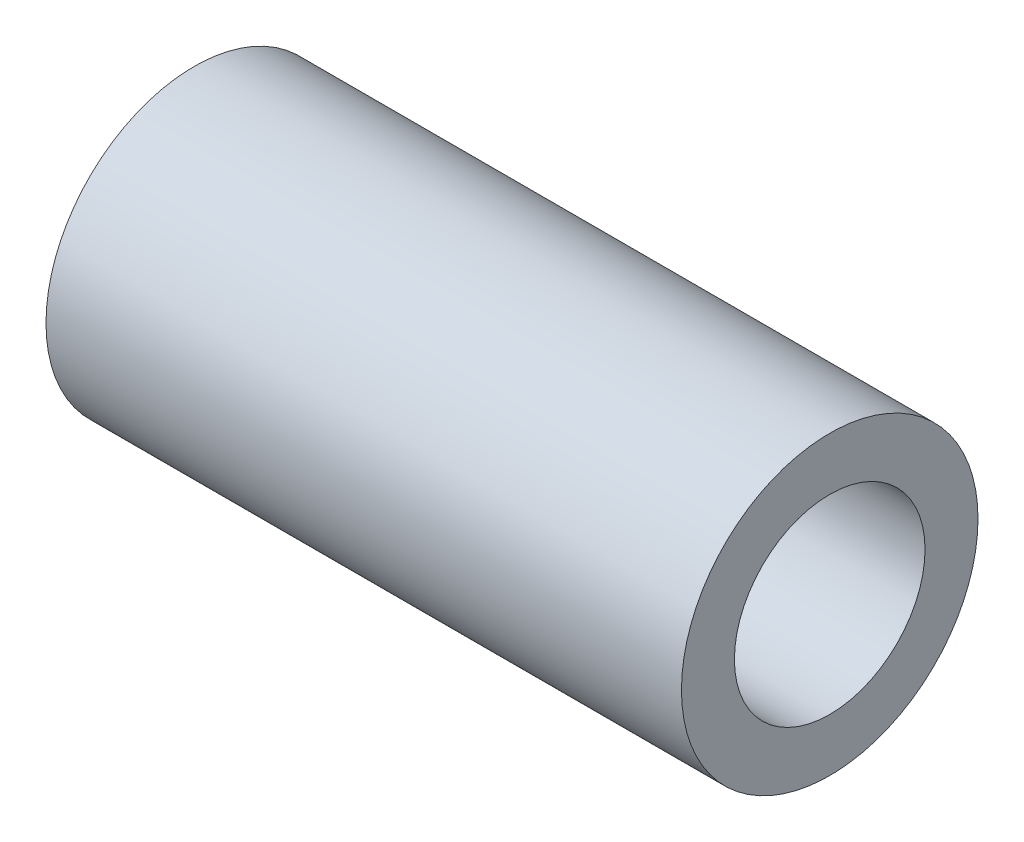
from build123d import *

# Parameters (mm, degrees)
SKETCH1_W = 1.524
SKETCH1_H = 0.127


with BuildPart() as part:
    # Sketch1 → Revolve1 (revolve)
    with BuildSketch(Plane.XY, mode=Mode.PRIVATE) as revolve1_sk:
        with Locations((-0.762, 0.2921)):
            Rectangle(SKETCH1_W, SKETCH1_H)
    revolve(revolve1_sk.sketch.rotate(Axis((-1.524, 0, 0), (1, 0, 0)), 270), axis=Axis((-1.524, 0, 0), (1, 0, 0)))


solid = part.part

[PROBLEM TO SOLVE]: Each line, starting with the one containing "SKETCH1_W = 1.524" and ending with the last line of the records above, should be reproduced exactly.

[TASK RESULT]:
SKETCH1_W = 1.524
SKETCH1_H = 0.127


with BuildPart() as part:
    # Sketch1 → Revolve1 (revolve)
    with BuildSketch(Plane.XY, mode=Mode.PRIVATE) as revolve1_sk:
        with Locations((-0.762, 0.2921)):
            Rectangle(SKETCH1_W, SKETCH1_H)
    revolve(revolve1_sk.sketch.rotate(Axis((-1.524, 0, 0), (1, 0, 0)), 270), axis=Axis((-1.524, 0, 0), (1, 0, 0)))


solid = part.part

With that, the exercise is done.